To save a fine-tuned Sentence Transformer model, use the save()
method provided by the library. After training, call model.save("output_path")
, where "output_path"
is a directory where the model and its components will be stored. This saves the entire model architecture, trained weights, tokenizer, and configuration files (e.g., config.json
, sentence_bert_config.json
, and pytorch_model.bin
). For example, if your model uses a specific pooling layer or custom modules, these are serialized to ensure consistency when reloaded. Always verify the output directory contains these files to confirm the save was successful.
To load the model for inference, initialize a SentenceTransformer
object with the saved directory path: model = SentenceTransformer("output_path")
. This reconstructs the model using the saved configuration and weights. The process mirrors loading pretrained models from the Hugging Face Hub, but uses the local path instead. If you added custom layers during fine-tuning (e.g., a classifier head), ensure those components are defined in your code before loading or are already part of the saved model’s architecture to avoid errors.

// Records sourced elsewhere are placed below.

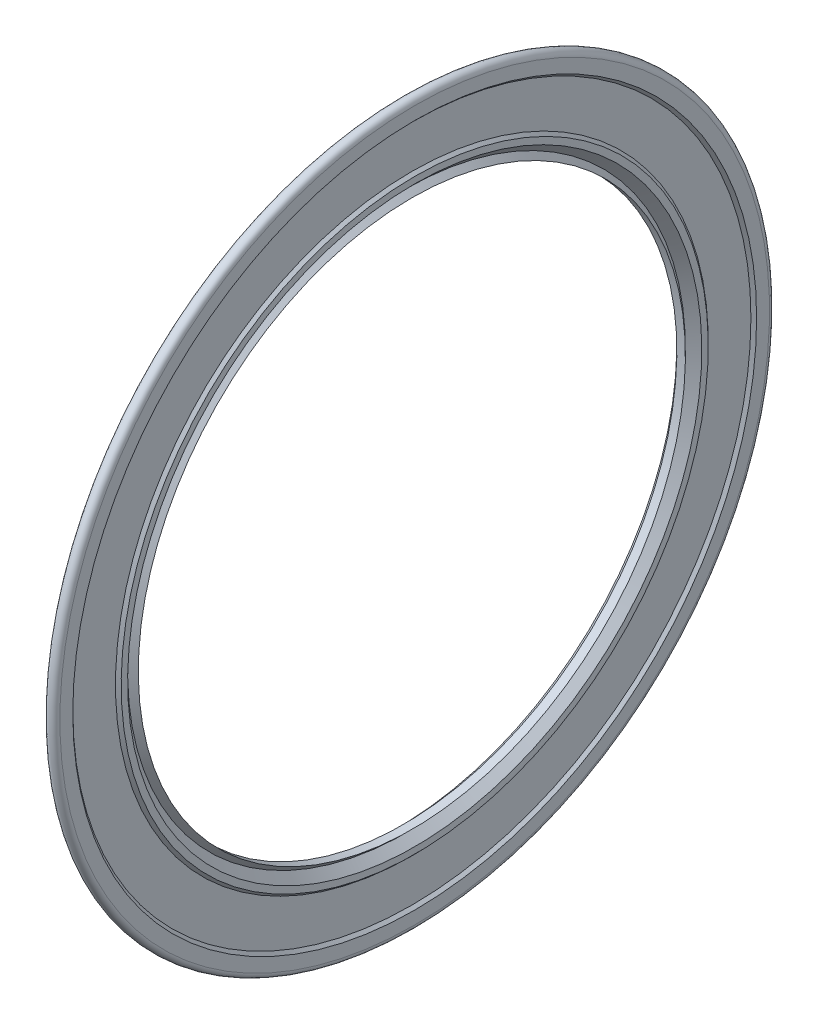
ISO-10303-21;
HEADER;
FILE_DESCRIPTION(('STEP AP214'),'2;1');
FILE_NAME('part.step','',(''),(''),'','','');
FILE_SCHEMA(('AUTOMOTIVE_DESIGN { 1 0 10303 214 1 1 1 1 }'));
ENDSEC;
DATA;
#1=APPLICATION_CONTEXT('core data for automotive mechanical design processes');
#2=APPLICATION_PROTOCOL_DEFINITION('international standard','automotive_design',2000,#1);
#3=PRODUCT_CONTEXT('',#1,'mechanical');
#4=PRODUCT('Part','Part','',(#3));
#5=PRODUCT_RELATED_PRODUCT_CATEGORY('part','',(#4));
#6=PRODUCT_DEFINITION_FORMATION('','',#4);
#7=PRODUCT_DEFINITION_CONTEXT('part definition',#1,'design');
#8=PRODUCT_DEFINITION('design','',#6,#7);
#9=PRODUCT_DEFINITION_SHAPE('','',#8);
#10=(LENGTH_UNIT() NAMED_UNIT(*) SI_UNIT(.MILLI.,.METRE.));
#11=(NAMED_UNIT(*) PLANE_ANGLE_UNIT() SI_UNIT($,.RADIAN.));
#12=(NAMED_UNIT(*) SI_UNIT($,.STERADIAN.) SOLID_ANGLE_UNIT());
#13=UNCERTAINTY_MEASURE_WITH_UNIT(LENGTH_MEASURE(1.E-05),#10,'distance_accuracy_value','');
#14=(GEOMETRIC_REPRESENTATION_CONTEXT(3) GLOBAL_UNCERTAINTY_ASSIGNED_CONTEXT((#13)) GLOBAL_UNIT_ASSIGNED_CONTEXT((#10,
#11,#12)) REPRESENTATION_CONTEXT('',''));
#15=CARTESIAN_POINT('',(0.,0.,0.));
#16=DIRECTION('',(0.,0.,1.));
#17=DIRECTION('',(1.,0.,0.));
#18=AXIS2_PLACEMENT_3D('',#15,#16,#17);
#19=CARTESIAN_POINT('',(20.64,43.9311,0.));
#20=DIRECTION('',(1.,0.,0.));
#21=DIRECTION('',(0.,-1.,0.));
#22=AXIS2_PLACEMENT_3D('',#19,#20,#21);
#23=PLANE('',#22);
#24=CARTESIAN_POINT('',(20.64,0.,0.));
#25=DIRECTION('',(-1.,0.,0.));
#26=DIRECTION('',(0.,1.,0.));
#27=AXIS2_PLACEMENT_3D('',#24,#25,#26);
#28=CIRCLE('',#27,43.1175);
#29=CARTESIAN_POINT('',(20.64,43.1175,0.));
#30=VERTEX_POINT('',#29);
#31=EDGE_CURVE('E11',#30,#30,#28,.T.);
#32=ORIENTED_EDGE('',*,*,#31,.T.);
#33=EDGE_LOOP('',(#32));
#34=FACE_BOUND('',#33,.T.);
#35=CARTESIAN_POINT('',(20.64,0.,0.));
#36=DIRECTION('',(-1.,0.,0.));
#37=DIRECTION('',(0.,1.,0.));
#38=AXIS2_PLACEMENT_3D('',#35,#36,#37);
#39=CIRCLE('',#38,44.7447);
#40=CARTESIAN_POINT('',(20.64,44.7447,0.));
#41=VERTEX_POINT('',#40);
#42=EDGE_CURVE('E20',#41,#41,#39,.T.);
#43=ORIENTED_EDGE('',*,*,#42,.F.);
#44=EDGE_LOOP('',(#43));
#45=FACE_BOUND('',#44,.T.);
#46=ADVANCED_FACE('F16',(#34,#45),#23,.T.);
#47=CARTESIAN_POINT('',(20.46,0.,0.));
#48=DIRECTION('',(1.,0.,0.));
#49=DIRECTION('',(0.,1.,0.));
#50=AXIS2_PLACEMENT_3D('',#47,#48,#49);
#51=CONICAL_SURFACE('',#50,42.9375,0.785398163397446);
#52=CARTESIAN_POINT('',(20.28,0.,0.));
#53=DIRECTION('',(-1.,0.,0.));
#54=DIRECTION('',(0.,1.,0.));
#55=AXIS2_PLACEMENT_3D('',#52,#53,#54);
#56=CIRCLE('',#55,42.7575);
#57=CARTESIAN_POINT('',(20.28,42.7575,0.));
#58=VERTEX_POINT('',#57);
#59=EDGE_CURVE('E26',#58,#58,#56,.T.);
#60=ORIENTED_EDGE('',*,*,#59,.T.);
#61=EDGE_LOOP('',(#60));
#62=FACE_BOUND('',#61,.T.);
#63=ORIENTED_EDGE('',*,*,#31,.F.);
#64=EDGE_LOOP('',(#63));
#65=FACE_BOUND('',#64,.T.);
#66=ADVANCED_FACE('F88',(#62,#65),#51,.F.);
#67=CARTESIAN_POINT('',(20.28,40.0665,0.));
#68=DIRECTION('',(1.,0.,0.));
#69=DIRECTION('',(0.,-1.,0.));
#70=AXIS2_PLACEMENT_3D('',#67,#68,#69);
#71=PLANE('',#70);
#72=CARTESIAN_POINT('',(20.28,0.,0.));
#73=DIRECTION('',(-1.,0.,0.));
#74=DIRECTION('',(0.,1.,0.));
#75=AXIS2_PLACEMENT_3D('',#72,#73,#74);
#76=CIRCLE('',#75,37.3755);
#77=CARTESIAN_POINT('',(20.28,37.3755,0.));
#78=VERTEX_POINT('',#77);
#79=EDGE_CURVE('E82',#78,#78,#76,.T.);
#80=ORIENTED_EDGE('',*,*,#79,.T.);
#81=EDGE_LOOP('',(#80));
#82=FACE_BOUND('',#81,.T.);
#83=ORIENTED_EDGE('',*,*,#59,.F.);
#84=EDGE_LOOP('',(#83));
#85=FACE_BOUND('',#84,.T.);
#86=ADVANCED_FACE('F91',(#82,#85),#71,.T.);
#87=CARTESIAN_POINT('',(20.46,0.,0.));
#88=DIRECTION('',(-1.,0.,0.));
#89=DIRECTION('',(0.,1.,0.));
#90=AXIS2_PLACEMENT_3D('',#87,#88,#89);
#91=CONICAL_SURFACE('',#90,37.1955,0.785398163397446);
#92=CARTESIAN_POINT('',(20.64,0.,0.));
#93=DIRECTION('',(-1.,0.,0.));
#94=DIRECTION('',(0.,1.,0.));
#95=AXIS2_PLACEMENT_3D('',#92,#93,#94);
#96=CIRCLE('',#95,37.0155);
#97=CARTESIAN_POINT('',(20.64,37.0155,0.));
#98=VERTEX_POINT('',#97);
#99=EDGE_CURVE('E84',#98,#98,#96,.T.);
#100=ORIENTED_EDGE('',*,*,#99,.T.);
#101=EDGE_LOOP('',(#100));
#102=FACE_BOUND('',#101,.T.);
#103=ORIENTED_EDGE('',*,*,#79,.F.);
#104=EDGE_LOOP('',(#103));
#105=FACE_BOUND('',#104,.T.);
#106=ADVANCED_FACE('F93',(#102,#105),#91,.T.);
#107=CARTESIAN_POINT('',(20.64,36.6087,0.));
#108=DIRECTION('',(1.,0.,0.));
#109=DIRECTION('',(0.,-1.,0.));
#110=AXIS2_PLACEMENT_3D('',#107,#108,#109);
#111=PLANE('',#110);
#112=CARTESIAN_POINT('',(20.64,0.,0.));
#113=DIRECTION('',(-1.,0.,0.));
#114=DIRECTION('',(0.,1.,0.));
#115=AXIS2_PLACEMENT_3D('',#112,#113,#114);
#116=CIRCLE('',#115,36.2019);
#117=CARTESIAN_POINT('',(20.64,36.2019,0.));
#118=VERTEX_POINT('',#117);
#119=EDGE_CURVE('E85',#118,#118,#116,.T.);
#120=ORIENTED_EDGE('',*,*,#119,.T.);
#121=EDGE_LOOP('',(#120));
#122=FACE_BOUND('',#121,.T.);
#123=ORIENTED_EDGE('',*,*,#99,.F.);
#124=EDGE_LOOP('',(#123));
#125=FACE_BOUND('',#124,.T.);
#126=ADVANCED_FACE('F101',(#122,#125),#111,.T.);
#127=CARTESIAN_POINT('',(20.1233925,0.,0.));
#128=DIRECTION('',(1.,0.,0.));
#129=DIRECTION('',(0.,1.,0.));
#130=AXIS2_PLACEMENT_3D('',#127,#128,#129);
#131=CONICAL_SURFACE('',#130,35.6852925,0.78539816339745);
#132=CARTESIAN_POINT('',(19.606785,0.,0.));
#133=DIRECTION('',(-1.,0.,0.));
#134=DIRECTION('',(0.,1.,0.));
#135=AXIS2_PLACEMENT_3D('',#132,#133,#134);
#136=CIRCLE('',#135,35.168685);
#137=CARTESIAN_POINT('',(19.606785,35.168685,0.));
#138=VERTEX_POINT('',#137);
#139=EDGE_CURVE('E156',#138,#138,#136,.T.);
#140=ORIENTED_EDGE('',*,*,#139,.T.);
#141=EDGE_LOOP('',(#140));
#142=FACE_BOUND('',#141,.T.);
#143=ORIENTED_EDGE('',*,*,#119,.F.);
#144=EDGE_LOOP('',(#143));
#145=FACE_BOUND('',#144,.T.);
#146=ADVANCED_FACE('F115',(#142,#145),#131,.F.);
#147=CARTESIAN_POINT('',(19.9433925,0.,0.));
#148=DIRECTION('',(-1.,0.,0.));
#149=DIRECTION('',(0.,1.,0.));
#150=AXIS2_PLACEMENT_3D('',#147,#148,#149);
#151=CONICAL_SURFACE('',#150,34.8320775,0.785398163397443);
#152=CARTESIAN_POINT('',(20.28,0.,0.));
#153=DIRECTION('',(-1.,0.,0.));
#154=DIRECTION('',(0.,1.,0.));
#155=AXIS2_PLACEMENT_3D('',#152,#153,#154);
#156=CIRCLE('',#155,34.49547);
#157=CARTESIAN_POINT('',(20.28,34.49547,0.));
#158=VERTEX_POINT('',#157);
#159=EDGE_CURVE('E74',#158,#158,#156,.T.);
#160=ORIENTED_EDGE('',*,*,#159,.T.);
#161=EDGE_LOOP('',(#160));
#162=FACE_BOUND('',#161,.T.);
#163=ORIENTED_EDGE('',*,*,#139,.F.);
#164=EDGE_LOOP('',(#163));
#165=FACE_BOUND('',#164,.T.);
#166=ADVANCED_FACE('F111',(#162,#165),#151,.T.);
#167=CARTESIAN_POINT('',(19.74,0.,0.));
#168=DIRECTION('',(1.,0.,0.));
#169=DIRECTION('',(0.,1.,0.));
#170=AXIS2_PLACEMENT_3D('',#167,#168,#169);
#171=CYLINDRICAL_SURFACE('',#170,34.49547);
#172=CARTESIAN_POINT('',(19.2,0.,0.));
#173=DIRECTION('',(-1.,0.,0.));
#174=DIRECTION('',(0.,1.,0.));
#175=AXIS2_PLACEMENT_3D('',#172,#173,#174);
#176=CIRCLE('',#175,34.49547);
#177=CARTESIAN_POINT('',(19.2,34.49547,0.));
#178=VERTEX_POINT('',#177);
#179=EDGE_CURVE('E78',#178,#178,#176,.T.);
#180=ORIENTED_EDGE('',*,*,#179,.T.);
#181=EDGE_LOOP('',(#180));
#182=FACE_BOUND('',#181,.T.);
#183=ORIENTED_EDGE('',*,*,#159,.F.);
#184=EDGE_LOOP('',(#183));
#185=FACE_BOUND('',#184,.T.);
#186=ADVANCED_FACE('F114',(#182,#185),#171,.F.);
#187=CARTESIAN_POINT('',(18.8633925,0.,0.));
#188=DIRECTION('',(-1.,0.,0.));
#189=DIRECTION('',(0.,1.,0.));
#190=AXIS2_PLACEMENT_3D('',#187,#188,#189);
#191=CONICAL_SURFACE('',#190,34.8320775,0.785398163397446);
#192=CARTESIAN_POINT('',(18.526785,0.,0.));
#193=DIRECTION('',(-1.,0.,0.));
#194=DIRECTION('',(0.,1.,0.));
#195=AXIS2_PLACEMENT_3D('',#192,#193,#194);
#196=CIRCLE('',#195,35.168685);
#197=CARTESIAN_POINT('',(18.526785,35.168685,0.));
#198=VERTEX_POINT('',#197);
#199=EDGE_CURVE('E76',#198,#198,#196,.T.);
#200=ORIENTED_EDGE('',*,*,#199,.T.);
#201=EDGE_LOOP('',(#200));
#202=FACE_BOUND('',#201,.T.);
#203=ORIENTED_EDGE('',*,*,#179,.F.);
#204=EDGE_LOOP('',(#203));
#205=FACE_BOUND('',#204,.T.);
#206=ADVANCED_FACE('F147',(#202,#205),#191,.F.);
#207=CARTESIAN_POINT('',(19.0433925,0.,0.));
#208=DIRECTION('',(1.,0.,0.));
#209=DIRECTION('',(0.,1.,0.));
#210=AXIS2_PLACEMENT_3D('',#207,#208,#209);
#211=CONICAL_SURFACE('',#210,35.6852925,0.785398163397453);
#212=CARTESIAN_POINT('',(19.56,0.,0.));
#213=DIRECTION('',(-1.,0.,0.));
#214=DIRECTION('',(0.,1.,0.));
#215=AXIS2_PLACEMENT_3D('',#212,#213,#214);
#216=CIRCLE('',#215,36.2019);
#217=CARTESIAN_POINT('',(19.56,36.2019,0.));
#218=VERTEX_POINT('',#217);
#219=EDGE_CURVE('E79',#218,#218,#216,.T.);
#220=ORIENTED_EDGE('',*,*,#219,.T.);
#221=EDGE_LOOP('',(#220));
#222=FACE_BOUND('',#221,.T.);
#223=ORIENTED_EDGE('',*,*,#199,.F.);
#224=EDGE_LOOP('',(#223));
#225=FACE_BOUND('',#224,.T.);
#226=ADVANCED_FACE('F134',(#222,#225),#211,.T.);
#227=CARTESIAN_POINT('',(19.2,0.,0.));
#228=DIRECTION('',(-1.,0.,0.));
#229=DIRECTION('',(0.,1.,0.));
#230=AXIS2_PLACEMENT_3D('',#227,#228,#229);
#231=CONICAL_SURFACE('',#230,36.5619,0.785398163397446);
#232=CARTESIAN_POINT('',(18.84,0.,0.));
#233=DIRECTION('',(-1.,0.,0.));
#234=DIRECTION('',(0.,1.,0.));
#235=AXIS2_PLACEMENT_3D('',#232,#233,#234);
#236=CIRCLE('',#235,36.9219);
#237=CARTESIAN_POINT('',(18.84,36.9219,0.));
#238=VERTEX_POINT('',#237);
#239=EDGE_CURVE('E161',#238,#238,#236,.T.);
#240=ORIENTED_EDGE('',*,*,#239,.T.);
#241=EDGE_LOOP('',(#240));
#242=FACE_BOUND('',#241,.T.);
#243=ORIENTED_EDGE('',*,*,#219,.F.);
#244=EDGE_LOOP('',(#243));
#245=FACE_BOUND('',#244,.T.);
#246=ADVANCED_FACE('F128',(#242,#245),#231,.F.);
#247=CARTESIAN_POINT('',(18.84,39.8439651913382,0.));
#248=DIRECTION('',(-1.,0.,0.));
#249=DIRECTION('',(0.,1.,0.));
#250=AXIS2_PLACEMENT_3D('',#247,#248,#249);
#251=PLANE('',#250);
#252=CARTESIAN_POINT('',(18.84,0.,0.));
#253=DIRECTION('',(-1.,0.,0.));
#254=DIRECTION('',(0.,1.,0.));
#255=AXIS2_PLACEMENT_3D('',#252,#253,#254);
#256=CIRCLE('',#255,42.7660303826763);
#257=CARTESIAN_POINT('',(18.84,42.7660303826763,0.));
#258=VERTEX_POINT('',#257);
#259=EDGE_CURVE('E71',#258,#258,#256,.T.);
#260=ORIENTED_EDGE('',*,*,#259,.T.);
#261=EDGE_LOOP('',(#260));
#262=FACE_BOUND('',#261,.T.);
#263=ORIENTED_EDGE('',*,*,#239,.F.);
#264=EDGE_LOOP('',(#263));
#265=FACE_BOUND('',#264,.T.);
#266=ADVANCED_FACE('F123',(#262,#265),#251,.T.);
#267=CARTESIAN_POINT('',(19.0254692089156,0.,0.));
#268=DIRECTION('',(1.,0.,0.));
#269=DIRECTION('',(0.,1.,0.));
#270=AXIS2_PLACEMENT_3D('',#267,#268,#269);
#271=CONICAL_SURFACE('',#270,43.8178785352982,1.39626340159546);
#272=CARTESIAN_POINT('',(19.2109384178312,0.,0.));
#273=DIRECTION('',(-1.,0.,0.));
#274=DIRECTION('',(0.,1.,0.));
#275=AXIS2_PLACEMENT_3D('',#272,#273,#274);
#276=CIRCLE('',#275,44.8697266879202);
#277=CARTESIAN_POINT('',(19.2109384178312,44.8697266879202,0.));
#278=VERTEX_POINT('',#277);
#279=EDGE_CURVE('E67',#278,#278,#276,.T.);
#280=ORIENTED_EDGE('',*,*,#279,.T.);
#281=EDGE_LOOP('',(#280));
#282=FACE_BOUND('',#281,.T.);
#283=ORIENTED_EDGE('',*,*,#259,.F.);
#284=EDGE_LOOP('',(#283));
#285=FACE_BOUND('',#284,.T.);
#286=ADVANCED_FACE('F18',(#282,#285),#271,.T.);
#287=CARTESIAN_POINT('',(19.92,0.,0.));
#288=DIRECTION('',(-1.,0.,0.));
#289=DIRECTION('',(0.,0.,1.));
#290=AXIS2_PLACEMENT_3D('',#287,#288,#289);
#291=TOROIDAL_SURFACE('',#290,44.7447,0.72);
#292=ORIENTED_EDGE('',*,*,#42,.T.);
#293=EDGE_LOOP('',(#292));
#294=FACE_BOUND('',#293,.T.);
#295=ORIENTED_EDGE('',*,*,#279,.F.);
#296=EDGE_LOOP('',(#295));
#297=FACE_BOUND('',#296,.T.);
#298=ADVANCED_FACE('F117',(#294,#297),#291,.T.);
#299=CLOSED_SHELL('',(#46,#66,#86,#106,#126,#146,#166,#186,#206,#226,#246,#266,#286,#298));
#300=MANIFOLD_SOLID_BREP('B1',#299);
#301=ADVANCED_BREP_SHAPE_REPRESENTATION('',(#18,#300),#14);
#302=SHAPE_DEFINITION_REPRESENTATION(#9,#301);
ENDSEC;
END-ISO-10303-21;

For deployment, consider compatibility and efficiency. Ensure the same versions of sentence-transformers
, PyTorch, and dependencies are used in the target environment. If disk space or latency matters, test converting the model to ONNX format using torch.onnx
or apply quantization techniques. In serverless environments, package the model directory with your inference code. Avoid altering the saved files manually, as changes to configurations or weights may break the model. Always validate the loaded model with a test inference to confirm it behaves as expected post-load.